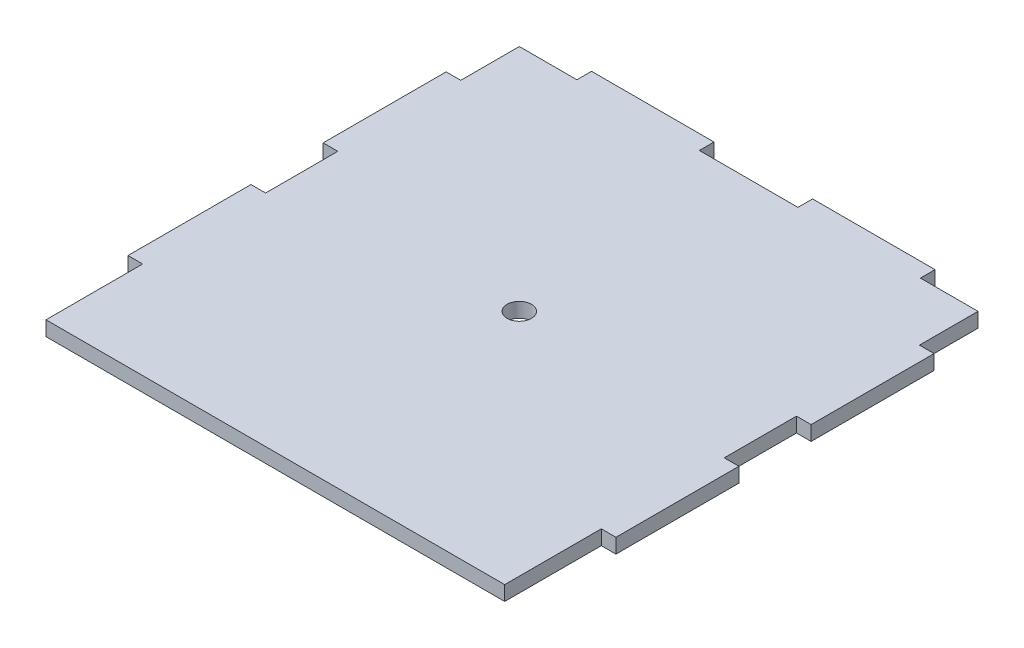
ISO-10303-21;
HEADER;
FILE_DESCRIPTION(('STEP AP214'),'2;1');
FILE_NAME('part.step','',(''),(''),'','','');
FILE_SCHEMA(('AUTOMOTIVE_DESIGN { 1 0 10303 214 1 1 1 1 }'));
ENDSEC;
DATA;
#1=APPLICATION_CONTEXT('core data for automotive mechanical design processes');
#2=APPLICATION_PROTOCOL_DEFINITION('international standard','automotive_design',2000,#1);
#3=PRODUCT_CONTEXT('',#1,'mechanical');
#4=PRODUCT('Part','Part','',(#3));
#5=PRODUCT_RELATED_PRODUCT_CATEGORY('part','',(#4));
#6=PRODUCT_DEFINITION_FORMATION('','',#4);
#7=PRODUCT_DEFINITION_CONTEXT('part definition',#1,'design');
#8=PRODUCT_DEFINITION('design','',#6,#7);
#9=PRODUCT_DEFINITION_SHAPE('','',#8);
#10=(LENGTH_UNIT() NAMED_UNIT(*) SI_UNIT(.MILLI.,.METRE.));
#11=(NAMED_UNIT(*) PLANE_ANGLE_UNIT() SI_UNIT($,.RADIAN.));
#12=(NAMED_UNIT(*) SI_UNIT($,.STERADIAN.) SOLID_ANGLE_UNIT());
#13=UNCERTAINTY_MEASURE_WITH_UNIT(LENGTH_MEASURE(1.E-05),#10,'distance_accuracy_value','');
#14=(GEOMETRIC_REPRESENTATION_CONTEXT(3) GLOBAL_UNCERTAINTY_ASSIGNED_CONTEXT((#13)) GLOBAL_UNIT_ASSIGNED_CONTEXT((#10,
#11,#12)) REPRESENTATION_CONTEXT('',''));
#15=CARTESIAN_POINT('',(0.,0.,0.));
#16=DIRECTION('',(0.,0.,1.));
#17=DIRECTION('',(1.,0.,0.));
#18=AXIS2_PLACEMENT_3D('',#15,#16,#17);
#19=CARTESIAN_POINT('',(0.,3.,-97.));
#20=DIRECTION('',(0.,0.,-1.));
#21=DIRECTION('',(-1.,0.,0.));
#22=AXIS2_PLACEMENT_3D('',#19,#20,#21);
#23=PLANE('',#22);
#24=DIRECTION('',(1.,0.,0.));
#25=VECTOR('',#24,1.);
#26=CARTESIAN_POINT('',(0.,0.,-97.));
#27=LINE('',#26,#25);
#28=CARTESIAN_POINT('',(2.99999999999999,0.,-97.));
#29=VERTEX_POINT('',#28);
#30=CARTESIAN_POINT('',(14.8,0.,-97.));
#31=VERTEX_POINT('',#30);
#32=EDGE_CURVE('E392',#29,#31,#27,.T.);
#33=ORIENTED_EDGE('',*,*,#32,.F.);
#34=DIRECTION('',(0.,-1.,0.));
#35=VECTOR('',#34,1.);
#36=CARTESIAN_POINT('',(2.99999999999999,3.,-97.));
#37=LINE('',#36,#35);
#38=CARTESIAN_POINT('',(2.99999999999999,3.,-97.));
#39=VERTEX_POINT('',#38);
#40=EDGE_CURVE('E11',#39,#29,#37,.T.);
#41=ORIENTED_EDGE('',*,*,#40,.F.);
#42=DIRECTION('',(1.,0.,0.));
#43=VECTOR('',#42,1.);
#44=CARTESIAN_POINT('',(0.,3.,-97.));
#45=LINE('',#44,#43);
#46=CARTESIAN_POINT('',(14.8,3.,-97.));
#47=VERTEX_POINT('',#46);
#48=EDGE_CURVE('E311',#39,#47,#45,.T.);
#49=ORIENTED_EDGE('',*,*,#48,.T.);
#50=DIRECTION('',(0.,-1.,0.));
#51=VECTOR('',#50,1.);
#52=CARTESIAN_POINT('',(14.8,3.,-97.));
#53=LINE('',#52,#51);
#54=EDGE_CURVE('E53',#47,#31,#53,.T.);
#55=ORIENTED_EDGE('',*,*,#54,.T.);
#56=EDGE_LOOP('',(#33,#41,#49,#55));
#57=FACE_BOUND('',#56,.T.);
#58=ADVANCED_FACE('F36',(#57),#23,.T.);
#59=CARTESIAN_POINT('',(3.00000000000066,3.,0.));
#60=DIRECTION('',(1.,0.,0.));
#61=DIRECTION('',(0.,0.,-1.));
#62=AXIS2_PLACEMENT_3D('',#59,#60,#61);
#63=PLANE('',#62);
#64=DIRECTION('',(0.,0.,1.));
#65=VECTOR('',#64,1.);
#66=CARTESIAN_POINT('',(3.00000000000066,0.,0.));
#67=LINE('',#66,#65);
#68=CARTESIAN_POINT('',(3.00000000000007,0.,-84.9999999999998));
#69=VERTEX_POINT('',#68);
#70=EDGE_CURVE('E390',#29,#69,#67,.T.);
#71=ORIENTED_EDGE('',*,*,#70,.T.);
#72=DIRECTION('',(0.,-1.,0.));
#73=VECTOR('',#72,1.);
#74=CARTESIAN_POINT('',(3.00000000000007,3.,-84.9999999999998));
#75=LINE('',#74,#73);
#76=CARTESIAN_POINT('',(3.00000000000007,3.,-84.9999999999998));
#77=VERTEX_POINT('',#76);
#78=EDGE_CURVE('E45',#77,#69,#75,.T.);
#79=ORIENTED_EDGE('',*,*,#78,.F.);
#80=DIRECTION('',(0.,0.,1.));
#81=VECTOR('',#80,1.);
#82=CARTESIAN_POINT('',(3.00000000000066,3.,0.));
#83=LINE('',#82,#81);
#84=EDGE_CURVE('E308',#39,#77,#83,.T.);
#85=ORIENTED_EDGE('',*,*,#84,.F.);
#86=ORIENTED_EDGE('',*,*,#40,.T.);
#87=EDGE_LOOP('',(#71,#79,#85,#86));
#88=FACE_BOUND('',#87,.T.);
#89=ADVANCED_FACE('F391',(#88),#63,.F.);
#90=CARTESIAN_POINT('',(-6.29126380620918E-12,3.,-84.9999999999995));
#91=DIRECTION('',(0.,0.,1.));
#92=DIRECTION('',(1.,0.,0.));
#93=AXIS2_PLACEMENT_3D('',#90,#91,#92);
#94=PLANE('',#93);
#95=DIRECTION('',(-1.,0.,0.));
#96=VECTOR('',#95,1.);
#97=CARTESIAN_POINT('',(-6.29126380620918E-12,0.,-84.9999999999995));
#98=LINE('',#97,#96);
#99=CARTESIAN_POINT('',(0.,0.,-84.9999999999997));
#100=VERTEX_POINT('',#99);
#101=EDGE_CURVE('E386',#69,#100,#98,.T.);
#102=ORIENTED_EDGE('',*,*,#101,.T.);
#103=DIRECTION('',(0.,-1.,0.));
#104=VECTOR('',#103,1.);
#105=CARTESIAN_POINT('',(0.,3.,-84.9999999999997));
#106=LINE('',#105,#104);
#107=CARTESIAN_POINT('',(0.,3.,-84.9999999999997));
#108=VERTEX_POINT('',#107);
#109=EDGE_CURVE('E378',#108,#100,#106,.T.);
#110=ORIENTED_EDGE('',*,*,#109,.F.);
#111=DIRECTION('',(-1.,0.,0.));
#112=VECTOR('',#111,1.);
#113=CARTESIAN_POINT('',(-6.29126380620918E-12,3.,-84.9999999999995));
#114=LINE('',#113,#112);
#115=EDGE_CURVE('E306',#77,#108,#114,.T.);
#116=ORIENTED_EDGE('',*,*,#115,.F.);
#117=ORIENTED_EDGE('',*,*,#78,.T.);
#118=EDGE_LOOP('',(#102,#110,#116,#117));
#119=FACE_BOUND('',#118,.T.);
#120=ADVANCED_FACE('F384',(#119),#94,.F.);
#121=CARTESIAN_POINT('',(0.,3.,0.));
#122=DIRECTION('',(-1.,0.,0.));
#123=DIRECTION('',(0.,0.,1.));
#124=AXIS2_PLACEMENT_3D('',#121,#122,#123);
#125=PLANE('',#124);
#126=DIRECTION('',(0.,0.,-1.));
#127=VECTOR('',#126,1.);
#128=CARTESIAN_POINT('',(0.,0.,0.));
#129=LINE('',#128,#127);
#130=CARTESIAN_POINT('',(0.,0.,-59.7999999999997));
#131=VERTEX_POINT('',#130);
#132=EDGE_CURVE('E394',#131,#100,#129,.T.);
#133=ORIENTED_EDGE('',*,*,#132,.F.);
#134=DIRECTION('',(0.,-1.,0.));
#135=VECTOR('',#134,1.);
#136=CARTESIAN_POINT('',(0.,3.,-59.7999999999997));
#137=LINE('',#136,#135);
#138=CARTESIAN_POINT('',(0.,3.,-59.7999999999997));
#139=VERTEX_POINT('',#138);
#140=EDGE_CURVE('E376',#139,#131,#137,.T.);
#141=ORIENTED_EDGE('',*,*,#140,.F.);
#142=DIRECTION('',(0.,0.,-1.));
#143=VECTOR('',#142,1.);
#144=CARTESIAN_POINT('',(0.,3.,0.));
#145=LINE('',#144,#143);
#146=EDGE_CURVE('E303',#139,#108,#145,.T.);
#147=ORIENTED_EDGE('',*,*,#146,.T.);
#148=ORIENTED_EDGE('',*,*,#109,.T.);
#149=EDGE_LOOP('',(#133,#141,#147,#148));
#150=FACE_BOUND('',#149,.T.);
#151=ADVANCED_FACE('F478',(#150),#125,.T.);
#152=CARTESIAN_POINT('',(-4.42608912483892E-12,3.,-59.7999999999996));
#153=DIRECTION('',(0.,0.,-1.));
#154=DIRECTION('',(-1.,0.,0.));
#155=AXIS2_PLACEMENT_3D('',#152,#153,#154);
#156=PLANE('',#155);
#157=DIRECTION('',(1.,0.,0.));
#158=VECTOR('',#157,1.);
#159=CARTESIAN_POINT('',(-4.42608912483892E-12,0.,-59.7999999999996));
#160=LINE('',#159,#158);
#161=CARTESIAN_POINT('',(3.00000000000022,0.,-59.7999999999998));
#162=VERTEX_POINT('',#161);
#163=EDGE_CURVE('E401',#131,#162,#160,.T.);
#164=ORIENTED_EDGE('',*,*,#163,.T.);
#165=DIRECTION('',(0.,-1.,0.));
#166=VECTOR('',#165,1.);
#167=CARTESIAN_POINT('',(3.00000000000022,3.,-59.7999999999998));
#168=LINE('',#167,#166);
#169=CARTESIAN_POINT('',(3.00000000000022,3.,-59.7999999999998));
#170=VERTEX_POINT('',#169);
#171=EDGE_CURVE('E374',#170,#162,#168,.T.);
#172=ORIENTED_EDGE('',*,*,#171,.F.);
#173=DIRECTION('',(1.,0.,0.));
#174=VECTOR('',#173,1.);
#175=CARTESIAN_POINT('',(-4.42608912483892E-12,3.,-59.7999999999996));
#176=LINE('',#175,#174);
#177=EDGE_CURVE('E301',#139,#170,#176,.T.);
#178=ORIENTED_EDGE('',*,*,#177,.F.);
#179=ORIENTED_EDGE('',*,*,#140,.T.);
#180=EDGE_LOOP('',(#164,#172,#178,#179));
#181=FACE_BOUND('',#180,.T.);
#182=ADVANCED_FACE('F479',(#181),#156,.F.);
#183=CARTESIAN_POINT('',(3.00000000000067,3.,0.));
#184=DIRECTION('',(-1.,0.,0.));
#185=DIRECTION('',(0.,0.,1.));
#186=AXIS2_PLACEMENT_3D('',#183,#184,#185);
#187=PLANE('',#186);
#188=DIRECTION('',(0.,0.,-1.));
#189=VECTOR('',#188,1.);
#190=CARTESIAN_POINT('',(3.00000000000067,0.,0.));
#191=LINE('',#190,#189);
#192=CARTESIAN_POINT('',(3.00000000000034,0.,-44.9999999999998));
#193=VERTEX_POINT('',#192);
#194=EDGE_CURVE('E405',#193,#162,#191,.T.);
#195=ORIENTED_EDGE('',*,*,#194,.F.);
#196=DIRECTION('',(0.,-1.,0.));
#197=VECTOR('',#196,1.);
#198=CARTESIAN_POINT('',(3.00000000000034,3.,-44.9999999999998));
#199=LINE('',#198,#197);
#200=CARTESIAN_POINT('',(3.00000000000034,3.,-44.9999999999998));
#201=VERTEX_POINT('',#200);
#202=EDGE_CURVE('E372',#201,#193,#199,.T.);
#203=ORIENTED_EDGE('',*,*,#202,.F.);
#204=DIRECTION('',(0.,0.,-1.));
#205=VECTOR('',#204,1.);
#206=CARTESIAN_POINT('',(3.00000000000067,3.,0.));
#207=LINE('',#206,#205);
#208=EDGE_CURVE('E298',#201,#170,#207,.T.);
#209=ORIENTED_EDGE('',*,*,#208,.T.);
#210=ORIENTED_EDGE('',*,*,#171,.T.);
#211=EDGE_LOOP('',(#195,#203,#209,#210));
#212=FACE_BOUND('',#211,.T.);
#213=ADVANCED_FACE('F482',(#212),#187,.T.);
#214=CARTESIAN_POINT('',(-3.33066907387543E-12,3.,-44.9999999999996));
#215=DIRECTION('',(0.,0.,-1.));
#216=DIRECTION('',(-1.,0.,0.));
#217=AXIS2_PLACEMENT_3D('',#214,#215,#216);
#218=PLANE('',#217);
#219=DIRECTION('',(1.,0.,0.));
#220=VECTOR('',#219,1.);
#221=CARTESIAN_POINT('',(-3.33066907387543E-12,0.,-44.9999999999996));
#222=LINE('',#221,#220);
#223=CARTESIAN_POINT('',(0.,0.,-44.9999999999997));
#224=VERTEX_POINT('',#223);
#225=EDGE_CURVE('E408',#224,#193,#222,.T.);
#226=ORIENTED_EDGE('',*,*,#225,.F.);
#227=DIRECTION('',(0.,-1.,0.));
#228=VECTOR('',#227,1.);
#229=CARTESIAN_POINT('',(0.,3.,-44.9999999999997));
#230=LINE('',#229,#228);
#231=CARTESIAN_POINT('',(0.,3.,-44.9999999999997));
#232=VERTEX_POINT('',#231);
#233=EDGE_CURVE('E370',#232,#224,#230,.T.);
#234=ORIENTED_EDGE('',*,*,#233,.F.);
#235=DIRECTION('',(1.,0.,0.));
#236=VECTOR('',#235,1.);
#237=CARTESIAN_POINT('',(-3.33066907387543E-12,3.,-44.9999999999996));
#238=LINE('',#237,#236);
#239=EDGE_CURVE('E295',#232,#201,#238,.T.);
#240=ORIENTED_EDGE('',*,*,#239,.T.);
#241=ORIENTED_EDGE('',*,*,#202,.T.);
#242=EDGE_LOOP('',(#226,#234,#240,#241));
#243=FACE_BOUND('',#242,.T.);
#244=ADVANCED_FACE('F486',(#243),#218,.T.);
#245=CARTESIAN_POINT('',(0.,0.,-19.7999999999997));
#246=VERTEX_POINT('',#245);
#247=EDGE_CURVE('E402',#246,#224,#129,.T.);
#248=ORIENTED_EDGE('',*,*,#247,.F.);
#249=DIRECTION('',(0.,-1.,0.));
#250=VECTOR('',#249,1.);
#251=CARTESIAN_POINT('',(0.,3.,-19.7999999999997));
#252=LINE('',#251,#250);
#253=CARTESIAN_POINT('',(0.,3.,-19.7999999999997));
#254=VERTEX_POINT('',#253);
#255=EDGE_CURVE('E368',#254,#246,#252,.T.);
#256=ORIENTED_EDGE('',*,*,#255,.F.);
#257=EDGE_CURVE('E294',#254,#232,#145,.T.);
#258=ORIENTED_EDGE('',*,*,#257,.T.);
#259=ORIENTED_EDGE('',*,*,#233,.T.);
#260=EDGE_LOOP('',(#248,#256,#258,#259));
#261=FACE_BOUND('',#260,.T.);
#262=ADVANCED_FACE('F490',(#261),#125,.T.);
#263=CARTESIAN_POINT('',(-1.44259604262228E-12,3.,-19.7999999999996));
#264=DIRECTION('',(0.,0.,1.));
#265=DIRECTION('',(1.,0.,0.));
#266=AXIS2_PLACEMENT_3D('',#263,#264,#265);
#267=PLANE('',#266);
#268=DIRECTION('',(-1.,0.,0.));
#269=VECTOR('',#268,1.);
#270=CARTESIAN_POINT('',(-1.44259604262228E-12,0.,-19.7999999999996));
#271=LINE('',#270,#269);
#272=CARTESIAN_POINT('',(3.0000000000005,0.,-19.7999999999998));
#273=VERTEX_POINT('',#272);
#274=EDGE_CURVE('E411',#273,#246,#271,.T.);
#275=ORIENTED_EDGE('',*,*,#274,.F.);
#276=DIRECTION('',(0.,-1.,0.));
#277=VECTOR('',#276,1.);
#278=CARTESIAN_POINT('',(3.0000000000005,3.,-19.7999999999998));
#279=LINE('',#278,#277);
#280=CARTESIAN_POINT('',(3.0000000000005,3.,-19.7999999999998));
#281=VERTEX_POINT('',#280);
#282=EDGE_CURVE('E366',#281,#273,#279,.T.);
#283=ORIENTED_EDGE('',*,*,#282,.F.);
#284=DIRECTION('',(-1.,0.,0.));
#285=VECTOR('',#284,1.);
#286=CARTESIAN_POINT('',(-1.44259604262228E-12,3.,-19.7999999999996));
#287=LINE('',#286,#285);
#288=EDGE_CURVE('E291',#281,#254,#287,.T.);
#289=ORIENTED_EDGE('',*,*,#288,.T.);
#290=ORIENTED_EDGE('',*,*,#255,.T.);
#291=EDGE_LOOP('',(#275,#283,#289,#290));
#292=FACE_BOUND('',#291,.T.);
#293=ADVANCED_FACE('F494',(#292),#267,.T.);
#294=CARTESIAN_POINT('',(3.00000000000064,3.,0.));
#295=DIRECTION('',(-1.,0.,0.));
#296=DIRECTION('',(0.,0.,1.));
#297=AXIS2_PLACEMENT_3D('',#294,#295,#296);
#298=PLANE('',#297);
#299=DIRECTION('',(0.,0.,-1.));
#300=VECTOR('',#299,1.);
#301=CARTESIAN_POINT('',(3.00000000000064,0.,0.));
#302=LINE('',#301,#300);
#303=CARTESIAN_POINT('',(3.00000000000064,0.,0.));
#304=VERTEX_POINT('',#303);
#305=EDGE_CURVE('E414',#304,#273,#302,.T.);
#306=ORIENTED_EDGE('',*,*,#305,.F.);
#307=DIRECTION('',(0.,-1.,0.));
#308=VECTOR('',#307,1.);
#309=CARTESIAN_POINT('',(3.00000000000064,3.,0.));
#310=LINE('',#309,#308);
#311=CARTESIAN_POINT('',(3.00000000000064,3.,0.));
#312=VERTEX_POINT('',#311);
#313=EDGE_CURVE('E364',#312,#304,#310,.T.);
#314=ORIENTED_EDGE('',*,*,#313,.F.);
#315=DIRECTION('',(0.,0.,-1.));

══════

## TASK DIRECTIONS:
Please reproduce the lines from the line with "#124=AXIS2_PLACEMENT_3D('',#121,#122,#123);" to the line with "#154=DIRECTION('',(-1.,0.,0.));", both ends included, exactly as they appear above.

## SOLUTION TO THIS EXERCISE:
#124=AXIS2_PLACEMENT_3D('',#121,#122,#123);
#125=PLANE('',#124);
#126=DIRECTION('',(0.,0.,-1.));
#127=VECTOR('',#126,1.);
#128=CARTESIAN_POINT('',(0.,0.,0.));
#129=LINE('',#128,#127);
#130=CARTESIAN_POINT('',(0.,0.,-59.7999999999997));
#131=VERTEX_POINT('',#130);
#132=EDGE_CURVE('E394',#131,#100,#129,.T.);
#133=ORIENTED_EDGE('',*,*,#132,.F.);
#134=DIRECTION('',(0.,-1.,0.));
#135=VECTOR('',#134,1.);
#136=CARTESIAN_POINT('',(0.,3.,-59.7999999999997));
#137=LINE('',#136,#135);
#138=CARTESIAN_POINT('',(0.,3.,-59.7999999999997));
#139=VERTEX_POINT('',#138);
#140=EDGE_CURVE('E376',#139,#131,#137,.T.);
#141=ORIENTED_EDGE('',*,*,#140,.F.);
#142=DIRECTION('',(0.,0.,-1.));
#143=VECTOR('',#142,1.);
#144=CARTESIAN_POINT('',(0.,3.,0.));
#145=LINE('',#144,#143);
#146=EDGE_CURVE('E303',#139,#108,#145,.T.);
#147=ORIENTED_EDGE('',*,*,#146,.T.);
#148=ORIENTED_EDGE('',*,*,#109,.T.);
#149=EDGE_LOOP('',(#133,#141,#147,#148));
#150=FACE_BOUND('',#149,.T.);
#151=ADVANCED_FACE('F478',(#150),#125,.T.);
#152=CARTESIAN_POINT('',(-4.42608912483892E-12,3.,-59.7999999999996));
#153=DIRECTION('',(0.,0.,-1.));
#154=DIRECTION('',(-1.,0.,0.));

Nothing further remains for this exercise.